We can use a sorting algorithm to solve this problem but the time complexity of `std::rotate` is linear in the distance of the original range, better than most standard sorting algorithms.

### std::remove

`std::remove` is one of the most confusing and commonly used algorithms in the library. It’s confusing because, despite its name, it doesn’t remove anything.

Every container has a different way of erasing elements, which depends on its underlying data-structure, but `std::remove` doesn’t have a way to reflect on the container it is operating on.

So what does it do? `std::remove` moves all the elements that should not be removed to the beginning of the range (while maintaining their relative order) and returns an iterator to the new logical end of the range.

When we use `std::remove`, we usually want to remove elements from a range, so it’s often called in conjunction with an erase member function. Together, these two function calls make up the erase-remove idiom.

`std::remove` takes a pair of iterators and the value that should be removed. If you want to provide a predicate, you can use `std::remove_if`. Most containers provide an erase member function that takes a range, so if you are given an array of integers `[1, 7, 0, 3, 5, 9, 0, 3, 4]`, and you are asked to remove all the 0’s from it, you can use erase-remove:

``````void RemoveZeroesFromArray(vector<int>& arr) {
arr.erase(remove(begin(arr), end(arr), 0), end(arr));
}
``````

Combining STL algorithms through the use of iterators is what makes it so powerful. Once you get the hang of it you can come up with creative combinations to solve interesting problems, and I want to share an example of that. Suppose you are given an array of integers, and you need to write a function that moves all the 0s to the end of it while maintaining the relative order of the non-zero elements. As an added constraint, you need to do it in linear time and constant space.
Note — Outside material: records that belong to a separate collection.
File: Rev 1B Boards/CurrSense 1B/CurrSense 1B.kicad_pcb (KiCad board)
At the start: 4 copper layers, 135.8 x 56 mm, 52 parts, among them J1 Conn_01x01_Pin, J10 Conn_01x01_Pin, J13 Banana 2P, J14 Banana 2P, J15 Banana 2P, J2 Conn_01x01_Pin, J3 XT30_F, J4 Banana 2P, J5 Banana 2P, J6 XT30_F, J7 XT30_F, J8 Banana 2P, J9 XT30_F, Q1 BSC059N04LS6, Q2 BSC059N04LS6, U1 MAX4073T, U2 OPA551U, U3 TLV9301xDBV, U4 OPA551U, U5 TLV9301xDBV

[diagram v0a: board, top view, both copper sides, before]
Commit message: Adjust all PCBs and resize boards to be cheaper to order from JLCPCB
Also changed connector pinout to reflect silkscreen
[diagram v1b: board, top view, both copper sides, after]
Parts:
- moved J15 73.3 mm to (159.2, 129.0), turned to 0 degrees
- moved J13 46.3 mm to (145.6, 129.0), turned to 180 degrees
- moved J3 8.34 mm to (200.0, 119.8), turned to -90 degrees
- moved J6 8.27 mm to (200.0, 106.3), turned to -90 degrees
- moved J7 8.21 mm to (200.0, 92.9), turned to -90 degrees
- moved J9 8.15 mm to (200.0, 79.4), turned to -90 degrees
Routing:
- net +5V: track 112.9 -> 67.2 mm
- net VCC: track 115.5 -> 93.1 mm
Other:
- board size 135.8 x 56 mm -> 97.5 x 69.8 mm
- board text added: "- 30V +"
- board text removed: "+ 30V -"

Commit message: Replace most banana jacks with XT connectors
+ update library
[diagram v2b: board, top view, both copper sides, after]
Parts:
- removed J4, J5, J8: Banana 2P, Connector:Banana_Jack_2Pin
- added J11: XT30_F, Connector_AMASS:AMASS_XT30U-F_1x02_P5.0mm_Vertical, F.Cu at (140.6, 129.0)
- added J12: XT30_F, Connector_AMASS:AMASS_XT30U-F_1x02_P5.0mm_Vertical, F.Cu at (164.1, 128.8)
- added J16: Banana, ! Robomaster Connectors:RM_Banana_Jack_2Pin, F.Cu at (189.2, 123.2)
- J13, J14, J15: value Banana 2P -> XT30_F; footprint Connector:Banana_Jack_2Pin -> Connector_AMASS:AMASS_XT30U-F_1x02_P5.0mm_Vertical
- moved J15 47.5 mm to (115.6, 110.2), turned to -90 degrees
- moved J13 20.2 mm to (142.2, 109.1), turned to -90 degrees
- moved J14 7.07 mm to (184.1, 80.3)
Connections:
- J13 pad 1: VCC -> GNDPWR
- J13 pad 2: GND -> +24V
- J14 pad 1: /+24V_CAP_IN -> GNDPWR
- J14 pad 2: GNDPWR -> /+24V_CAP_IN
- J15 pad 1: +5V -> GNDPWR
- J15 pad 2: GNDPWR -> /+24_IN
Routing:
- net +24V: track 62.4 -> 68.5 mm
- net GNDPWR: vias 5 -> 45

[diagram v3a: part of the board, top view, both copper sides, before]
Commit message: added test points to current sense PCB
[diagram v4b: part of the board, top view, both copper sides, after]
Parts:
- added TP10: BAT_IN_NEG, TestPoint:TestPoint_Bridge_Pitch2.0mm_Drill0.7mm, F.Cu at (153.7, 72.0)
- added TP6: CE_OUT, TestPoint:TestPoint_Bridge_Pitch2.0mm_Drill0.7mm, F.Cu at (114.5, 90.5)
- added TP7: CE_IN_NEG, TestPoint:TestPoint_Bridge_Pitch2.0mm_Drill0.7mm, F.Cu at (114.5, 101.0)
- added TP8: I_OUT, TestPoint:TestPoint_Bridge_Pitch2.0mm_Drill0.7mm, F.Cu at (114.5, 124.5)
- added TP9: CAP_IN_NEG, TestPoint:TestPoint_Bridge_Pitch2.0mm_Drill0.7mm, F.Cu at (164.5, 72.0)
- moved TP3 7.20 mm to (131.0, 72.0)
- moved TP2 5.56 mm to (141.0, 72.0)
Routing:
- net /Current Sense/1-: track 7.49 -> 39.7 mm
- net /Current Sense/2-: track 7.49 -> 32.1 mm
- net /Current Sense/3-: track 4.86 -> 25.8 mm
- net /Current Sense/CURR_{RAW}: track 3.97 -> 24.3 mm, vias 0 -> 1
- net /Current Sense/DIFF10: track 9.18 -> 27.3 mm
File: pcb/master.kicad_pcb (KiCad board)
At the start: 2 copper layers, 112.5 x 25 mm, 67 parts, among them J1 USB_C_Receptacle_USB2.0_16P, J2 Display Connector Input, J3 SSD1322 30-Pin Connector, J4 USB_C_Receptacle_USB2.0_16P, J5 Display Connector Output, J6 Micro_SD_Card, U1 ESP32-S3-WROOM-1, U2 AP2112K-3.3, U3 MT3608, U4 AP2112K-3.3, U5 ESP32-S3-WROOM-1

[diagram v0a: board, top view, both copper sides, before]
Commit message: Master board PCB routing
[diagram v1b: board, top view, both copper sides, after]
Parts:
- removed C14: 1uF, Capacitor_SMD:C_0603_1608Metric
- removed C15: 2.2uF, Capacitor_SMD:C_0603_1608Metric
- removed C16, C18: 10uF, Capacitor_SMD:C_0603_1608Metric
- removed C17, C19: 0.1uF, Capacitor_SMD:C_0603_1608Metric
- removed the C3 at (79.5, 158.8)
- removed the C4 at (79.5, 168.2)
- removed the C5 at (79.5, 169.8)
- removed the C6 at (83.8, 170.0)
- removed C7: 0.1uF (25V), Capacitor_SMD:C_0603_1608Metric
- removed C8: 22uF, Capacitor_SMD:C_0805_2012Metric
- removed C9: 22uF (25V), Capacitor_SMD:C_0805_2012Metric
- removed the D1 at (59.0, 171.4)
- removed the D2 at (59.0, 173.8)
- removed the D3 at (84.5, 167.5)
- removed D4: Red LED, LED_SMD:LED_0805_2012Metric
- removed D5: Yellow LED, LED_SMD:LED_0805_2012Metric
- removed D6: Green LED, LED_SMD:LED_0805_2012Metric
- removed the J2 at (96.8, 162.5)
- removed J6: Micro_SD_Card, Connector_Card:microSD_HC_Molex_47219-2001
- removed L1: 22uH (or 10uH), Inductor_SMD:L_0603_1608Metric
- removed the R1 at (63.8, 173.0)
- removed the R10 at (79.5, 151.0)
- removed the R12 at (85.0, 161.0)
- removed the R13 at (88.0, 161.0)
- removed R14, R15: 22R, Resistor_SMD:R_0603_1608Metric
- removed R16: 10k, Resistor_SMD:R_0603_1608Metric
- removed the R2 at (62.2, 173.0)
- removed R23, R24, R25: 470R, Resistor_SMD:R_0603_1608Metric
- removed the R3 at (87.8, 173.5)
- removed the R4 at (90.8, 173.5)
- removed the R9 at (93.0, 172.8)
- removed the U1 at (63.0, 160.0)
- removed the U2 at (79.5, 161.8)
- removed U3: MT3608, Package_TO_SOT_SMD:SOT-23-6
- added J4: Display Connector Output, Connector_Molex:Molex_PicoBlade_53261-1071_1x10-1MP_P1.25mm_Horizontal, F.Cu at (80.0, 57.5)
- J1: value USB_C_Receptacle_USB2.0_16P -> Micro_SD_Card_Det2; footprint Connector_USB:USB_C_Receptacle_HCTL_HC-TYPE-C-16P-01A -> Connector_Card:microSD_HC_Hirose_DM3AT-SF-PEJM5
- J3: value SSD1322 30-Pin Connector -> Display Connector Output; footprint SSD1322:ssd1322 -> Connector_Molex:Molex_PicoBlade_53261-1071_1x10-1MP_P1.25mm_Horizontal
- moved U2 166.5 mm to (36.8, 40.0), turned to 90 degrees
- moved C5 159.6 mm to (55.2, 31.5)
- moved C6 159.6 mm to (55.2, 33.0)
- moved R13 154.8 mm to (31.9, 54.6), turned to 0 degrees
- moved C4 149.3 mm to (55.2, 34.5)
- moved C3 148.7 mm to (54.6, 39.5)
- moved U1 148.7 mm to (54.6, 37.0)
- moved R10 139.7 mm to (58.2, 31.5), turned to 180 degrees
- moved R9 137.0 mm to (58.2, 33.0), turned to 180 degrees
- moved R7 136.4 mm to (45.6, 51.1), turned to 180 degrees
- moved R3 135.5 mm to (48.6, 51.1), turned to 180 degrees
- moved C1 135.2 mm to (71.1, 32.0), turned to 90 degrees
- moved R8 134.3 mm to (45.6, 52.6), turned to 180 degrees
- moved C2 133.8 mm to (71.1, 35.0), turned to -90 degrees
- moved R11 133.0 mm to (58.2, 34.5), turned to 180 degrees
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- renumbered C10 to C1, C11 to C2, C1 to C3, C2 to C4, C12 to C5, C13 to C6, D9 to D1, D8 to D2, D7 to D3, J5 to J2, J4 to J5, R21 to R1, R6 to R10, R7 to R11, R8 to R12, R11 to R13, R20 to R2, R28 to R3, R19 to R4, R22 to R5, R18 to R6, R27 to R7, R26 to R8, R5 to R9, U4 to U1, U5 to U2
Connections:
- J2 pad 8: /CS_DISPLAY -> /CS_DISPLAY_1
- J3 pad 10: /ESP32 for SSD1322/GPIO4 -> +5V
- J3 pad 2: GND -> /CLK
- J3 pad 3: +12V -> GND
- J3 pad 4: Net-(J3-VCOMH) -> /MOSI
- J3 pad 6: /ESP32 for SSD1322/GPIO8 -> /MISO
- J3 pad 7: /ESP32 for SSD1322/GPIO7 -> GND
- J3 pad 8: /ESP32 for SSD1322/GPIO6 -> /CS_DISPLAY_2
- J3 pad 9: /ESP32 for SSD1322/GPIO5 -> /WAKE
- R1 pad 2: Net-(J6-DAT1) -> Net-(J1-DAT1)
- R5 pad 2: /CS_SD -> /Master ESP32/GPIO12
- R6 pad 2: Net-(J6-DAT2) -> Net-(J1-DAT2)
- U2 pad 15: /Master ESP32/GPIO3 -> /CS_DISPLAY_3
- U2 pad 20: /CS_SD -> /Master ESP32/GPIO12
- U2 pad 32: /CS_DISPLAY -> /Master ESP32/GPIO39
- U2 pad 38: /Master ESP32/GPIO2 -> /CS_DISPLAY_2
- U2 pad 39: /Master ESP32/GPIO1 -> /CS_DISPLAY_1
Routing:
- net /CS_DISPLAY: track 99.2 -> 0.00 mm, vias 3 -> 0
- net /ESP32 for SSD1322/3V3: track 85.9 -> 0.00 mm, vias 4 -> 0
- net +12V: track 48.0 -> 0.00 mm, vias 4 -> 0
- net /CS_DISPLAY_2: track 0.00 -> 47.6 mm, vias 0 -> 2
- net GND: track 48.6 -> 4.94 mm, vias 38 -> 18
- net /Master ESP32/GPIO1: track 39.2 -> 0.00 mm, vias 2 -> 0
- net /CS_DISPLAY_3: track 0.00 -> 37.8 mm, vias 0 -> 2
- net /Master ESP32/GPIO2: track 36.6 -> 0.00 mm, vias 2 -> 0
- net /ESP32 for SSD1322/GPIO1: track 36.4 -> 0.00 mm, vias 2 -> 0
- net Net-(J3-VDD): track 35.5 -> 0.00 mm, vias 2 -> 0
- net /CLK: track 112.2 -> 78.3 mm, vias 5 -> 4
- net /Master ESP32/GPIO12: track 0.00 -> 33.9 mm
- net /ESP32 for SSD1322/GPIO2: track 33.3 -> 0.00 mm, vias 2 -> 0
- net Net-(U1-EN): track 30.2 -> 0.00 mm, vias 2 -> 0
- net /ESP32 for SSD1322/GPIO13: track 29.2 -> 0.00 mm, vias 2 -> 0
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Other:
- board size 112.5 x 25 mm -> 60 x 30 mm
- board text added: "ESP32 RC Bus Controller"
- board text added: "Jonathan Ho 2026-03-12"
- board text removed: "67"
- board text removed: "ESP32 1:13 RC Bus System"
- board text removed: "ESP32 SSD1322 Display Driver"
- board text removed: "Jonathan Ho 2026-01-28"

One way to solve this problem using STL algorithms is:

``````void RemoveZeroesFromArray(vector<int>& arr) {
arr.erase(remove(begin(arr), end(arr), 0), end(arr));
}
``````

Since `std::remove` doesn’t delete any elements to maintain a linear time complexity, we can use it to move all the non-zero elements to the front of the array and combine it with `std::fill` to reset the remainder with 0s.